• _Records for the exercise_
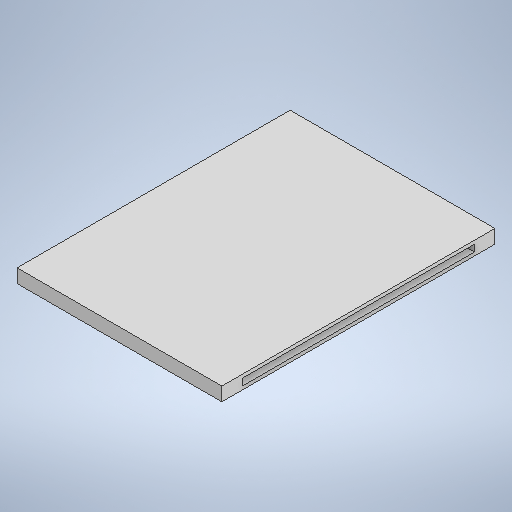
# Autodesk Inventor part: Chassis Upper - Female
Saved by Autodesk Inventor 2025.2 (Build 292293000, 293)
## iProperties
Created: 2025-01-18
Part Number: Chassis Upper - Female
Material: Generic
Document SubType Name: Modeling
Designer: mtidd
Density: 1 g/cm^3
Appearance: Default
Author: mtidd
Autodesk Inventor part; units mm, degrees
ref_plane "YZ Plane" through (0, 0, 0) normal (1, 0, 0) x (0, 1, 0)
ref_plane "XZ Plane" through (0, 0, 0) normal (0, 1, 0) x (-1, 0, 0)
ref_plane "XY Plane" through (0, 0, 0) normal (0, 0, 1) x (1, 0, 0)
sketch "Sketch1" plane through (0, 0, 0) normal (0, 1, 0) x (-1, 0, 0)
  line L0 (0, 0) -> (150, 0)
  line L1 (150, 0) -> (150, -200)
  line L2 (150, -200) -> (0, -200)
  line L3 (0, -200) -> (0, 0)
  dimension "d0" = 150
  dimension "d1" = 200
  constraints: 8 end point, 2 parallel, 1 horizontal, 1 perpendicular
  measures "d0" distance of L1.end L2.end
  measures "d1" distance of L0.end L1.end
extrude "Extrusion1" add sketch "Sketch1" along normal blind 10
sketch "Sketch2" plane through (0, 0, 0) normal (1, 0, 0) x (0, 0, -1)
  line L0 (15, 2.5) -> (185, 2.5)
  line L1 (185, 2.5) -> (185, 7.5)
  line L2 (185, 7.5) -> (15, 7.5)
  line L3 (15, 7.5) -> (15, 2.5)
  point P0 (0, 0)
  dimension "d4" = 170
  dimension "d5" = 5
  constraints: 8 end point, 2 parallel, 1 horizontal, 1 perpendicular
  measures "d4" distance of L2.end L1.end
  measures "d5" distance of L1.end L0.end
extrude "Extrusion2" cut sketch "Sketch2" against normal blind 25
body "Solid1"

• _Task to carry out_
Starting with the first line of the data, transcribe every line exactly through the one containing "1) x (1, 0, 0)". No pictures go in.

• _Finished task_
# Autodesk Inventor part: Chassis Upper - Female
Saved by Autodesk Inventor 2025.2 (Build 292293000, 293)
## iProperties
Created: 2025-01-18
Part Number: Chassis Upper - Female
Material: Generic
Document SubType Name: Modeling
Designer: mtidd
Density: 1 g/cm^3
Appearance: Default
Author: mtidd
Autodesk Inventor part; units mm, degrees
ref_plane "YZ Plane" through (0, 0, 0) normal (1, 0, 0) x (0, 1, 0)
ref_plane "XZ Plane" through (0, 0, 0) normal (0, 1, 0) x (-1, 0, 0)
ref_plane "XY Plane" through (0, 0, 0) normal (0, 0, 1) x (1, 0, 0)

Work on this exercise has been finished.